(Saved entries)
┌────────
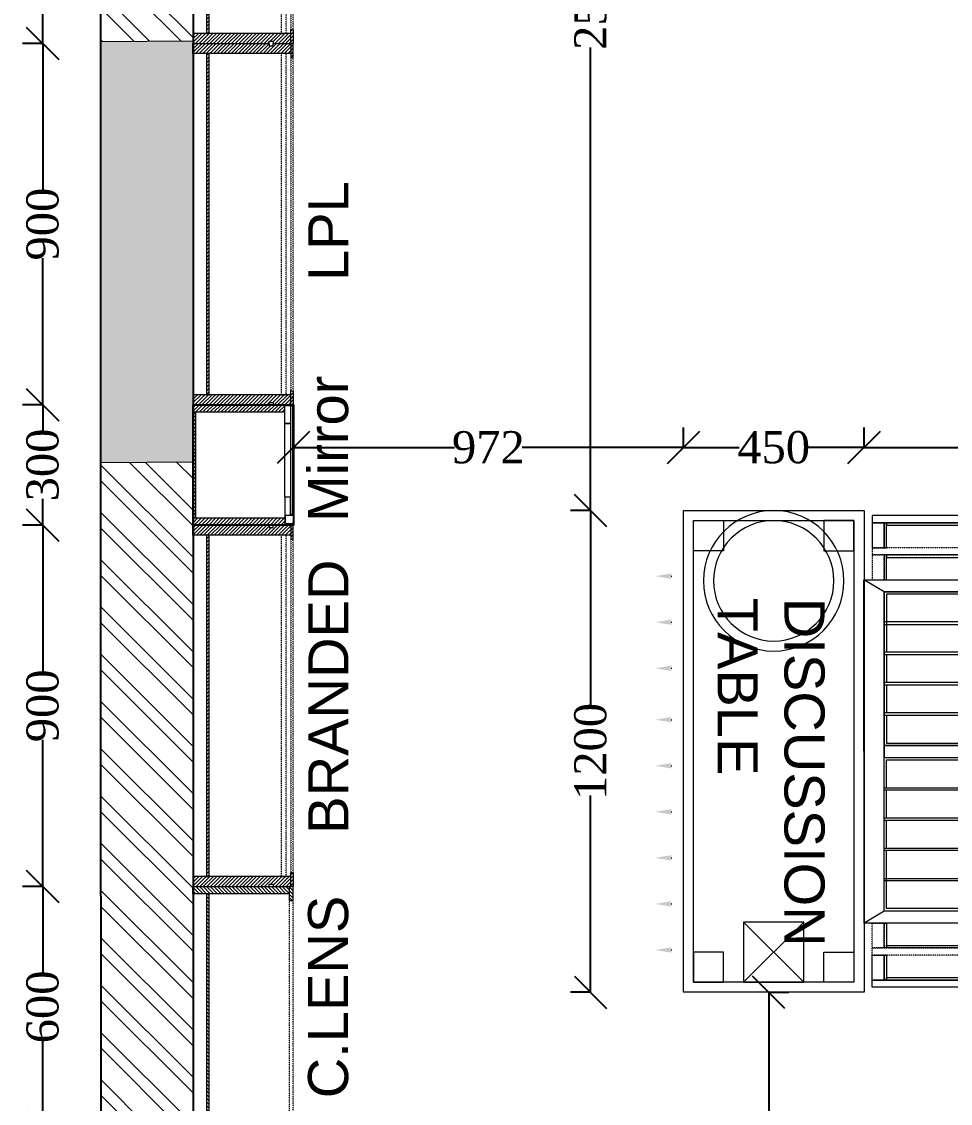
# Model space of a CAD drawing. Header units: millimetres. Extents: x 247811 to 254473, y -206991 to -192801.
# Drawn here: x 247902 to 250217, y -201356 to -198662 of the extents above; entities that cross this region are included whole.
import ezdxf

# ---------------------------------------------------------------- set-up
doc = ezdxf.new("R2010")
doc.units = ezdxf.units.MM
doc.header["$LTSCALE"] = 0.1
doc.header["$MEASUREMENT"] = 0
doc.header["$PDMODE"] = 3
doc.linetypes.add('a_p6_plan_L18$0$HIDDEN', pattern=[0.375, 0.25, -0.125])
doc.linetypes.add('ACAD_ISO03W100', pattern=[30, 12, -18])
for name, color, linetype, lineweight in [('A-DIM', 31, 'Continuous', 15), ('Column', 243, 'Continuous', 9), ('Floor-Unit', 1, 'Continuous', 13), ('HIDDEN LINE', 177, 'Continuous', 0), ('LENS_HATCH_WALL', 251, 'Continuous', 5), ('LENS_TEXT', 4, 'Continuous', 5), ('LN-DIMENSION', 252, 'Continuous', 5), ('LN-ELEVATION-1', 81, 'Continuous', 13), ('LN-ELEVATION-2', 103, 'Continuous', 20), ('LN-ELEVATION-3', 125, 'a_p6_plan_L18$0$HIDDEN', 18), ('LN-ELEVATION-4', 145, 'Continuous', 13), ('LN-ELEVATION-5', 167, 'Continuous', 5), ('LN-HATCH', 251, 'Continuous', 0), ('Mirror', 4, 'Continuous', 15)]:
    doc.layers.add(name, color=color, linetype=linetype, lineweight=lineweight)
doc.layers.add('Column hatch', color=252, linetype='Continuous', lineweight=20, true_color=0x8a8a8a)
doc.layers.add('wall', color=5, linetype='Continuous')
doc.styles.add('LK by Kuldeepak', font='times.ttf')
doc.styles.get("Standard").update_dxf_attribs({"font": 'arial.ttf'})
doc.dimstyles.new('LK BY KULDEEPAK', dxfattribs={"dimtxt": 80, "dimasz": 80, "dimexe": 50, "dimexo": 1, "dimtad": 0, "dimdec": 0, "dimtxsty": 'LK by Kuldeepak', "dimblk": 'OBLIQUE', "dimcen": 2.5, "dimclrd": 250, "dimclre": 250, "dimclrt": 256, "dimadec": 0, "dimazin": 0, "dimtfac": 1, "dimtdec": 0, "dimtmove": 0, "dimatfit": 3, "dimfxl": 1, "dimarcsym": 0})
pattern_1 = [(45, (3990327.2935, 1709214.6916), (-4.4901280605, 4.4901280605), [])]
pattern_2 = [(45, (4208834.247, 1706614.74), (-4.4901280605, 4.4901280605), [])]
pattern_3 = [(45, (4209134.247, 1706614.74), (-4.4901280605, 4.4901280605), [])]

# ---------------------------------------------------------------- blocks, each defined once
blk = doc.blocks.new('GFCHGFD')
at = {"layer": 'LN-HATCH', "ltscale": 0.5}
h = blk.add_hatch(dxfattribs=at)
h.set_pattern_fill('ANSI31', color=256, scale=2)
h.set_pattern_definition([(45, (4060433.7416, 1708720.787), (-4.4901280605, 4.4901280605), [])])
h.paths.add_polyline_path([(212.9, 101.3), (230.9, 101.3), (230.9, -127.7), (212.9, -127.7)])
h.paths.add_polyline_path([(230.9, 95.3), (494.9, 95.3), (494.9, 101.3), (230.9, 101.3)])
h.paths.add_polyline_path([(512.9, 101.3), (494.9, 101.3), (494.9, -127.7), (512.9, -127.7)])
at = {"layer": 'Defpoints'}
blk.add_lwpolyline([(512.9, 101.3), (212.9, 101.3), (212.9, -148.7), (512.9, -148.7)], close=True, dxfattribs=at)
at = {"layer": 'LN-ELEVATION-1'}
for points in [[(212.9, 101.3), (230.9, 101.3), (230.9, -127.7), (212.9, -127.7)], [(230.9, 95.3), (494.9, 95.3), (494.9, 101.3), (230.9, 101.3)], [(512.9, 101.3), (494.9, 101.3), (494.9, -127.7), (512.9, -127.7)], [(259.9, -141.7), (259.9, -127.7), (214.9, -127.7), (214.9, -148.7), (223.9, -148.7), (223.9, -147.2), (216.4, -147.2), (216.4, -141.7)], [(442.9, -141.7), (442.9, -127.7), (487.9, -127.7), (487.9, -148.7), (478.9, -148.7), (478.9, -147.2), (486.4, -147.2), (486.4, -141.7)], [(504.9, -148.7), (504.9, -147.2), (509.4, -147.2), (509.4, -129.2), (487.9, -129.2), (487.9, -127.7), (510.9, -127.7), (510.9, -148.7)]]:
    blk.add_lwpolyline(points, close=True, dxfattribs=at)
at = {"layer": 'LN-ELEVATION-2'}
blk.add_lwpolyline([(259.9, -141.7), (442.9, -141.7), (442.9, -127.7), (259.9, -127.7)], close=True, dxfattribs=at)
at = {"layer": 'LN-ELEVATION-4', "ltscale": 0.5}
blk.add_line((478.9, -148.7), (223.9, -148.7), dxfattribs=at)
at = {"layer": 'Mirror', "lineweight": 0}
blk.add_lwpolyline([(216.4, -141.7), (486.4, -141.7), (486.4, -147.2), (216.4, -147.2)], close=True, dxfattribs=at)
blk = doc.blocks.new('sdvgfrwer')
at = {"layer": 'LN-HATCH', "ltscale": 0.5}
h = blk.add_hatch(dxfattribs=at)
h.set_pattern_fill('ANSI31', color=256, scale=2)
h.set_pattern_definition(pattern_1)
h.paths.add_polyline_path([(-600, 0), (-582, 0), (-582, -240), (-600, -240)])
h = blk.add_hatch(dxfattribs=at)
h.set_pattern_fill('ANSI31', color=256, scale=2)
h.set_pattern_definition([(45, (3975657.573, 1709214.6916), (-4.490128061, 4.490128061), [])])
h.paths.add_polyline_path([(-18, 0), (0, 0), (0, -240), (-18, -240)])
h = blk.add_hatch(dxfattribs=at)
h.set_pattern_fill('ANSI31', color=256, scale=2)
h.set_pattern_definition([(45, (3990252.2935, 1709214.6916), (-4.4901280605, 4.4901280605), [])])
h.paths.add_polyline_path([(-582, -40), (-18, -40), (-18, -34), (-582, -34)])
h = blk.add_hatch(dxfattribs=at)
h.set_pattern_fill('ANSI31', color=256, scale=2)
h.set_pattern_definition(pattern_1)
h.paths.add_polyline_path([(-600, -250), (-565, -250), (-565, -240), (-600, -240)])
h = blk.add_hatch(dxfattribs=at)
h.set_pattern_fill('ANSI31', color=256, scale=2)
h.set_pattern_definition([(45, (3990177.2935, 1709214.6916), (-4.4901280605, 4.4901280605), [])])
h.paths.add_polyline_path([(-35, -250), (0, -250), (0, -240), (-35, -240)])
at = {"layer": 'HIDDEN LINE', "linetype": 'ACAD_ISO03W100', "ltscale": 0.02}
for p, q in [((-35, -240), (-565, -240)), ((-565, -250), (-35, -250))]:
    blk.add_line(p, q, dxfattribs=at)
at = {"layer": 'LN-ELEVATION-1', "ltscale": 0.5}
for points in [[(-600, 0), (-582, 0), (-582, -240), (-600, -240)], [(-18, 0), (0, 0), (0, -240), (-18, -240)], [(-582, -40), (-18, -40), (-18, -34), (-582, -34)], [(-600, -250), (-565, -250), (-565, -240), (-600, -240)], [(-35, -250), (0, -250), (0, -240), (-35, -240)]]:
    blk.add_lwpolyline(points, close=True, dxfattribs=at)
└────────
* **What you need to do**: Retype the data above exactly; pictures are not part of the copy.

* **Output**:
# Model space of a CAD drawing. Header units: millimetres. Extents: x 247811 to 254473, y -206991 to -192801.
# Drawn here: x 247902 to 250217, y -201356 to -198662 of the extents above; entities that cross this region are included whole.
import ezdxf

# ---------------------------------------------------------------- set-up
doc = ezdxf.new("R2010")
doc.units = ezdxf.units.MM
doc.header["$LTSCALE"] = 0.1
doc.header["$MEASUREMENT"] = 0
doc.header["$PDMODE"] = 3
doc.linetypes.add('a_p6_plan_L18$0$HIDDEN', pattern=[0.375, 0.25, -0.125])
doc.linetypes.add('ACAD_ISO03W100', pattern=[30, 12, -18])
for name, color, linetype, lineweight in [('A-DIM', 31, 'Continuous', 15), ('Column', 243, 'Continuous', 9), ('Floor-Unit', 1, 'Continuous', 13), ('HIDDEN LINE', 177, 'Continuous', 0), ('LENS_HATCH_WALL', 251, 'Continuous', 5), ('LENS_TEXT', 4, 'Continuous', 5), ('LN-DIMENSION', 252, 'Continuous', 5), ('LN-ELEVATION-1', 81, 'Continuous', 13), ('LN-ELEVATION-2', 103, 'Continuous', 20), ('LN-ELEVATION-3', 125, 'a_p6_plan_L18$0$HIDDEN', 18), ('LN-ELEVATION-4', 145, 'Continuous', 13), ('LN-ELEVATION-5', 167, 'Continuous', 5), ('LN-HATCH', 251, 'Continuous', 0), ('Mirror', 4, 'Continuous', 15)]:
    doc.layers.add(name, color=color, linetype=linetype, lineweight=lineweight)
doc.layers.add('Column hatch', color=252, linetype='Continuous', lineweight=20, true_color=0x8a8a8a)
doc.layers.add('wall', color=5, linetype='Continuous')
doc.styles.add('LK by Kuldeepak', font='times.ttf')
doc.styles.get("Standard").update_dxf_attribs({"font": 'arial.ttf'})
doc.dimstyles.new('LK BY KULDEEPAK', dxfattribs={"dimtxt": 80, "dimasz": 80, "dimexe": 50, "dimexo": 1, "dimtad": 0, "dimdec": 0, "dimtxsty": 'LK by Kuldeepak', "dimblk": 'OBLIQUE', "dimcen": 2.5, "dimclrd": 250, "dimclre": 250, "dimclrt": 256, "dimadec": 0, "dimazin": 0, "dimtfac": 1, "dimtdec": 0, "dimtmove": 0, "dimatfit": 3, "dimfxl": 1, "dimarcsym": 0})
pattern_1 = [(45, (3990327.2935, 1709214.6916), (-4.4901280605, 4.4901280605), [])]
pattern_2 = [(45, (4208834.247, 1706614.74), (-4.4901280605, 4.4901280605), [])]
pattern_3 = [(45, (4209134.247, 1706614.74), (-4.4901280605, 4.4901280605), [])]

# ---------------------------------------------------------------- blocks, each defined once
blk = doc.blocks.new('GFCHGFD')
at = {"layer": 'LN-HATCH', "ltscale": 0.5}
h = blk.add_hatch(dxfattribs=at)
h.set_pattern_fill('ANSI31', color=256, scale=2)
h.set_pattern_definition([(45, (4060433.7416, 1708720.787), (-4.4901280605, 4.4901280605), [])])
h.paths.add_polyline_path([(212.9, 101.3), (230.9, 101.3), (230.9, -127.7), (212.9, -127.7)])
h.paths.add_polyline_path([(230.9, 95.3), (494.9, 95.3), (494.9, 101.3), (230.9, 101.3)])
h.paths.add_polyline_path([(512.9, 101.3), (494.9, 101.3), (494.9, -127.7), (512.9, -127.7)])
at = {"layer": 'Defpoints'}
blk.add_lwpolyline([(512.9, 101.3), (212.9, 101.3), (212.9, -148.7), (512.9, -148.7)], close=True, dxfattribs=at)
at = {"layer": 'LN-ELEVATION-1'}
for points in [[(212.9, 101.3), (230.9, 101.3), (230.9, -127.7), (212.9, -127.7)], [(230.9, 95.3), (494.9, 95.3), (494.9, 101.3), (230.9, 101.3)], [(512.9, 101.3), (494.9, 101.3), (494.9, -127.7), (512.9, -127.7)], [(259.9, -141.7), (259.9, -127.7), (214.9, -127.7), (214.9, -148.7), (223.9, -148.7), (223.9, -147.2), (216.4, -147.2), (216.4, -141.7)], [(442.9, -141.7), (442.9, -127.7), (487.9, -127.7), (487.9, -148.7), (478.9, -148.7), (478.9, -147.2), (486.4, -147.2), (486.4, -141.7)], [(504.9, -148.7), (504.9, -147.2), (509.4, -147.2), (509.4, -129.2), (487.9, -129.2), (487.9, -127.7), (510.9, -127.7), (510.9, -148.7)]]:
    blk.add_lwpolyline(points, close=True, dxfattribs=at)
at = {"layer": 'LN-ELEVATION-2'}
blk.add_lwpolyline([(259.9, -141.7), (442.9, -141.7), (442.9, -127.7), (259.9, -127.7)], close=True, dxfattribs=at)
at = {"layer": 'LN-ELEVATION-4', "ltscale": 0.5}
blk.add_line((478.9, -148.7), (223.9, -148.7), dxfattribs=at)
at = {"layer": 'Mirror', "lineweight": 0}
blk.add_lwpolyline([(216.4, -141.7), (486.4, -141.7), (486.4, -147.2), (216.4, -147.2)], close=True, dxfattribs=at)
blk = doc.blocks.new('sdvgfrwer')
at = {"layer": 'LN-HATCH', "ltscale": 0.5}
h = blk.add_hatch(dxfattribs=at)
h.set_pattern_fill('ANSI31', color=256, scale=2)
h.set_pattern_definition(pattern_1)
h.paths.add_polyline_path([(-600, 0), (-582, 0), (-582, -240), (-600, -240)])
h = blk.add_hatch(dxfattribs=at)
h.set_pattern_fill('ANSI31', color=256, scale=2)
h.set_pattern_definition([(45, (3975657.573, 1709214.6916), (-4.490128061, 4.490128061), [])])
h.paths.add_polyline_path([(-18, 0), (0, 0), (0, -240), (-18, -240)])
h = blk.add_hatch(dxfattribs=at)
h.set_pattern_fill('ANSI31', color=256, scale=2)
h.set_pattern_definition([(45, (3990252.2935, 1709214.6916), (-4.4901280605, 4.4901280605), [])])
h.paths.add_polyline_path([(-582, -40), (-18, -40), (-18, -34), (-582, -34)])
h = blk.add_hatch(dxfattribs=at)
h.set_pattern_fill('ANSI31', color=256, scale=2)
h.set_pattern_definition(pattern_1)
h.paths.add_polyline_path([(-600, -250), (-565, -250), (-565, -240), (-600, -240)])
h = blk.add_hatch(dxfattribs=at)
h.set_pattern_fill('ANSI31', color=256, scale=2)
h.set_pattern_definition([(45, (3990177.2935, 1709214.6916), (-4.4901280605, 4.4901280605), [])])
h.paths.add_polyline_path([(-35, -250), (0, -250), (0, -240), (-35, -240)])
at = {"layer": 'HIDDEN LINE', "linetype": 'ACAD_ISO03W100', "ltscale": 0.02}
for p, q in [((-35, -240), (-565, -240)), ((-565, -250), (-35, -250))]:
    blk.add_line(p, q, dxfattribs=at)
at = {"layer": 'LN-ELEVATION-1', "ltscale": 0.5}
for points in [[(-600, 0), (-582, 0), (-582, -240), (-600, -240)], [(-18, 0), (0, 0), (0, -240), (-18, -240)], [(-582, -40), (-18, -40), (-18, -34), (-582, -34)], [(-600, -250), (-565, -250), (-565, -240), (-600, -240)], [(-35, -250), (0, -250), (0, -240), (-35, -240)]]:
    blk.add_lwpolyline(points, close=True, dxfattribs=at)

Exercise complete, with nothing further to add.